On ne saurait mieux dire. Et on ne saurait encore moins tenter de museler - voire de dénigrer - les organes qui, tels que le SAE, s’efforcent de protéger de tels principes.

Jean-Guy Giraud 13 - 08 - 2018

(1) Article 18

  1. "Le Conseil européen, statuant à la majorité qualifiée, avec l'accord du président de la Commission, nomme le haut représentant de l'Union pour les affaires étrangères et la politique de sécurité. Le Conseil européen peut mettre fin à son mandat selon la même procédure.

  2. Le haut représentant conduit la politique étrangère et de sécurité commune de l'Union. Il contribue par ses propositions à l'élaboration de cette politique et l'exécute en tant que mandataire du Conseil.

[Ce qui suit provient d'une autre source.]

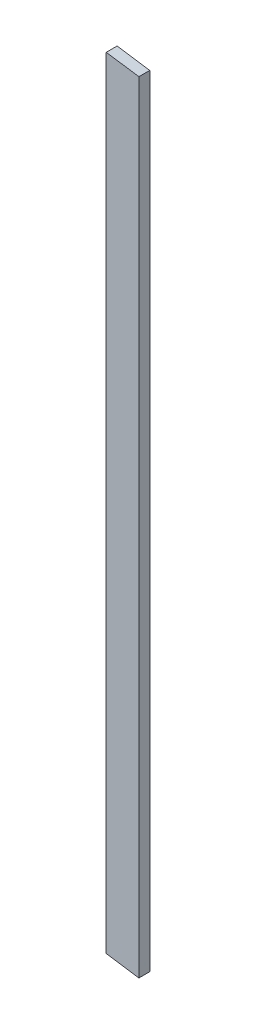
ISO-10303-21;
HEADER;
FILE_DESCRIPTION(('STEP AP214'),'2;1');
FILE_NAME('part.step','',(''),(''),'','','');
FILE_SCHEMA(('AUTOMOTIVE_DESIGN { 1 0 10303 214 1 1 1 1 }'));
ENDSEC;
DATA;
#1=APPLICATION_CONTEXT('core data for automotive mechanical design processes');
#2=APPLICATION_PROTOCOL_DEFINITION('international standard','automotive_design',2000,#1);
#3=PRODUCT_CONTEXT('',#1,'mechanical');
#4=PRODUCT('Part','Part','',(#3));
#5=PRODUCT_RELATED_PRODUCT_CATEGORY('part','',(#4));
#6=PRODUCT_DEFINITION_FORMATION('','',#4);
#7=PRODUCT_DEFINITION_CONTEXT('part definition',#1,'design');
#8=PRODUCT_DEFINITION('design','',#6,#7);
#9=PRODUCT_DEFINITION_SHAPE('','',#8);
#10=(LENGTH_UNIT() NAMED_UNIT(*) SI_UNIT(.MILLI.,.METRE.));
#11=(NAMED_UNIT(*) PLANE_ANGLE_UNIT() SI_UNIT($,.RADIAN.));
#12=(NAMED_UNIT(*) SI_UNIT($,.STERADIAN.) SOLID_ANGLE_UNIT());
#13=UNCERTAINTY_MEASURE_WITH_UNIT(LENGTH_MEASURE(1.E-05),#10,'distance_accuracy_value','');
#14=(GEOMETRIC_REPRESENTATION_CONTEXT(3) GLOBAL_UNCERTAINTY_ASSIGNED_CONTEXT((#13)) GLOBAL_UNIT_ASSIGNED_CONTEXT((#10,
#11,#12)) REPRESENTATION_CONTEXT('',''));
#15=CARTESIAN_POINT('',(0.,0.,0.));
#16=DIRECTION('',(0.,0.,1.));
#17=DIRECTION('',(1.,0.,0.));
#18=AXIS2_PLACEMENT_3D('',#15,#16,#17);
#19=CARTESIAN_POINT('',(19.0499999999999,609.6,12.7));
#20=DIRECTION('',(-1.,0.,0.));
#21=DIRECTION('',(0.,-1.,0.));
#22=AXIS2_PLACEMENT_3D('',#19,#20,#21);
#23=PLANE('',#22);
#24=DIRECTION('',(0.,0.,1.));
#25=VECTOR('',#24,1.);
#26=CARTESIAN_POINT('',(19.0500000000001,301.933356,0.));
#27=LINE('',#26,#25);
#28=CARTESIAN_POINT('',(19.05,301.933356,0.));
#29=VERTEX_POINT('',#28);
#30=CARTESIAN_POINT('',(19.0500000000001,301.933356,12.7));
#31=VERTEX_POINT('',#30);
#32=EDGE_CURVE('E61',#29,#31,#27,.T.);
#33=ORIENTED_EDGE('',*,*,#32,.T.);
#34=DIRECTION('',(0.,1.,0.));
#35=VECTOR('',#34,1.);
#36=CARTESIAN_POINT('',(19.0499999999999,609.6,12.7));
#37=LINE('',#36,#35);
#38=CARTESIAN_POINT('',(19.0500000000001,-609.6,12.7));
#39=VERTEX_POINT('',#38);
#40=EDGE_CURVE('E88',#39,#31,#37,.T.);
#41=ORIENTED_EDGE('',*,*,#40,.F.);
#42=DIRECTION('',(0.,0.,-1.));
#43=VECTOR('',#42,1.);
#44=CARTESIAN_POINT('',(19.0500000000001,-609.6,12.7));
#45=LINE('',#44,#43);
#46=CARTESIAN_POINT('',(19.0500000000001,-609.6,0.));
#47=VERTEX_POINT('',#46);
#48=EDGE_CURVE('E47',#39,#47,#45,.T.);
#49=ORIENTED_EDGE('',*,*,#48,.T.);
#50=DIRECTION('',(0.,1.,0.));
#51=VECTOR('',#50,1.);
#52=CARTESIAN_POINT('',(19.0499999999999,609.6,0.));
#53=LINE('',#52,#51);
#54=EDGE_CURVE('E86',#47,#29,#53,.T.);
#55=ORIENTED_EDGE('',*,*,#54,.T.);
#56=EDGE_LOOP('',(#33,#41,#49,#55));
#57=FACE_BOUND('',#56,.T.);
#58=ADVANCED_FACE('F39',(#57),#23,.F.);
#59=CARTESIAN_POINT('',(-19.0500000000001,609.6,12.7));
#60=DIRECTION('',(1.,0.,0.));
#61=DIRECTION('',(0.,1.,0.));
#62=AXIS2_PLACEMENT_3D('',#59,#60,#61);
#63=PLANE('',#62);
#64=DIRECTION('',(0.,0.,-1.));
#65=VECTOR('',#64,1.);
#66=CARTESIAN_POINT('',(-19.0499999999999,-603.967086605282,12.7));
#67=LINE('',#66,#65);
#68=CARTESIAN_POINT('',(-19.0500000000001,-603.967086605282,12.7));
#69=VERTEX_POINT('',#68);
#70=CARTESIAN_POINT('',(-19.0499999999999,-603.967086605282,0.));
#71=VERTEX_POINT('',#70);
#72=EDGE_CURVE('E53',#69,#71,#67,.T.);
#73=ORIENTED_EDGE('',*,*,#72,.F.);
#74=DIRECTION('',(0.,-1.,0.));
#75=VECTOR('',#74,1.);
#76=CARTESIAN_POINT('',(-19.0500000000001,609.6,12.7));
#77=LINE('',#76,#75);
#78=CARTESIAN_POINT('',(-19.0500000000001,307.566269394718,12.7));
#79=VERTEX_POINT('',#78);
#80=EDGE_CURVE('E90',#79,#69,#77,.T.);
#81=ORIENTED_EDGE('',*,*,#80,.F.);
#82=DIRECTION('',(0.,0.,1.));
#83=VECTOR('',#82,1.);
#84=CARTESIAN_POINT('',(-19.05,307.566269394718,12.7));
#85=LINE('',#84,#83);
#86=CARTESIAN_POINT('',(-19.0500000000001,307.566269394718,0.));
#87=VERTEX_POINT('',#86);
#88=EDGE_CURVE('E99',#87,#79,#85,.T.);
#89=ORIENTED_EDGE('',*,*,#88,.F.);
#90=DIRECTION('',(0.,-1.,0.));
#91=VECTOR('',#90,1.);
#92=CARTESIAN_POINT('',(-19.0500000000001,609.6,0.));
#93=LINE('',#92,#91);
#94=EDGE_CURVE('E94',#87,#71,#93,.T.);
#95=ORIENTED_EDGE('',*,*,#94,.T.);
#96=EDGE_LOOP('',(#73,#81,#89,#95));
#97=FACE_BOUND('',#96,.T.);
#98=ADVANCED_FACE('F123',(#97),#63,.F.);
#99=CARTESIAN_POINT('',(0.,0.,12.7));
#100=DIRECTION('',(0.,0.,1.));
#101=DIRECTION('',(1.,0.,0.));
#102=AXIS2_PLACEMENT_3D('',#99,#100,#101);
#103=PLANE('',#102);
#104=ORIENTED_EDGE('',*,*,#80,.T.);
#105=DIRECTION('',(0.989246821597342,-0.146255686930651,0.));
#106=VECTOR('',#105,1.);
#107=CARTESIAN_POINT('',(-417.041065013319,-545.125900224926,12.7));
#108=LINE('',#107,#106);
#109=EDGE_CURVE('E115',#69,#39,#108,.T.);
#110=ORIENTED_EDGE('',*,*,#109,.T.);
#111=ORIENTED_EDGE('',*,*,#40,.T.);
#112=DIRECTION('',(-0.989246821597342,0.146255686930651,0.));
#113=VECTOR('',#112,1.);
#114=CARTESIAN_POINT('',(19.0500000000001,301.933356,12.7));
#115=LINE('',#114,#113);
#116=EDGE_CURVE('E111',#31,#79,#115,.T.);
#117=ORIENTED_EDGE('',*,*,#116,.T.);
#118=EDGE_LOOP('',(#104,#110,#111,#117));
#119=FACE_BOUND('',#118,.T.);
#120=ADVANCED_FACE('F125',(#119),#103,.T.);
#121=CARTESIAN_POINT('',(0.,0.,0.));
#122=DIRECTION('',(0.,0.,1.));
#123=DIRECTION('',(1.,0.,0.));
#124=AXIS2_PLACEMENT_3D('',#121,#122,#123);
#125=PLANE('',#124);
#126=DIRECTION('',(0.989246821597342,-0.146255686930651,0.));
#127=VECTOR('',#126,1.);
#128=CARTESIAN_POINT('',(-87.7912472774721,-593.804002811086,0.));
#129=LINE('',#128,#127);
#130=EDGE_CURVE('E12',#71,#47,#129,.T.);
#131=ORIENTED_EDGE('',*,*,#130,.F.);
#132=ORIENTED_EDGE('',*,*,#94,.F.);
#133=DIRECTION('',(-0.989246821597342,0.146255686930651,0.));
#134=VECTOR('',#133,1.);
#135=CARTESIAN_POINT('',(19.0500000000001,301.933356,0.));
#136=LINE('',#135,#134);
#137=EDGE_CURVE('E92',#29,#87,#136,.T.);
#138=ORIENTED_EDGE('',*,*,#137,.F.);
#139=ORIENTED_EDGE('',*,*,#54,.F.);
#140=EDGE_LOOP('',(#131,#132,#138,#139));
#141=FACE_BOUND('',#140,.T.);
#142=ADVANCED_FACE('F91',(#141),#125,.F.);
#143=CARTESIAN_POINT('',(19.0500000000001,301.933356,0.));
#144=DIRECTION('',(0.146255686930651,0.989246821597342,0.));
#145=DIRECTION('',(-0.989246821597342,0.146255686930651,0.));
#146=AXIS2_PLACEMENT_3D('',#143,#144,#145);
#147=PLANE('',#146);
#148=ORIENTED_EDGE('',*,*,#88,.T.);
#149=ORIENTED_EDGE('',*,*,#116,.F.);
#150=ORIENTED_EDGE('',*,*,#32,.F.);
#151=ORIENTED_EDGE('',*,*,#137,.T.);
#152=EDGE_LOOP('',(#148,#149,#150,#151));
#153=FACE_BOUND('',#152,.T.);
#154=ADVANCED_FACE('F120',(#153),#147,.T.);
#155=CARTESIAN_POINT('',(-417.041065013319,-545.125900224926,0.));
#156=DIRECTION('',(-0.146255686930651,-0.989246821597342,0.));
#157=DIRECTION('',(0.989246821597342,-0.146255686930651,0.));
#158=AXIS2_PLACEMENT_3D('',#155,#156,#157);
#159=PLANE('',#158);
#160=ORIENTED_EDGE('',*,*,#72,.T.);
#161=ORIENTED_EDGE('',*,*,#130,.T.);
#162=ORIENTED_EDGE('',*,*,#48,.F.);
#163=ORIENTED_EDGE('',*,*,#109,.F.);
#164=EDGE_LOOP('',(#160,#161,#162,#163));
#165=FACE_BOUND('',#164,.T.);
#166=ADVANCED_FACE('F77',(#165),#159,.T.);
#167=CLOSED_SHELL('',(#58,#98,#120,#142,#154,#166));
#168=MANIFOLD_SOLID_BREP('B2',#167);
#169=ADVANCED_BREP_SHAPE_REPRESENTATION('',(#18,#168),#14);
#170=SHAPE_DEFINITION_REPRESENTATION(#9,#169);
ENDSEC;
END-ISO-10303-21;

Il agit de même pour la politique de sécurité et de défense commune.

  3. Le haut représentant préside le Conseil des affaires étrangères.

  4. Le haut représentant est l'un des vice-présidents de la Commission. Il veille à la cohérence de l'action extérieure de l'Union. Il est chargé, au sein de la Commission, des responsabilités qui incombent à cette dernière dans le domaine des relations extérieures et de la coordination des autres aspects de l'action extérieure de l'Union. Dans l'exercice de ces responsabilités au sein de la Commission, et pour ces seules responsabilités, le haut représentant est soumis aux procédures qui régissent le fonctionnement de la Commission, dans la mesure où cela est compatible avec les paragraphes 2 et 3. »

Article 27 § 3

"Dans l’accomplissement de son mandat, le haut représentant s’appuie sur un service européen pour l’action extérieure. Ce service travaille en collaboration avec les services diplomatiques des États membres et est composé de fonctionnaires des services compétents du secrétariat général du Conseil et de la Commission ainsi que de personnel détaché des services diplomatiques nationaux."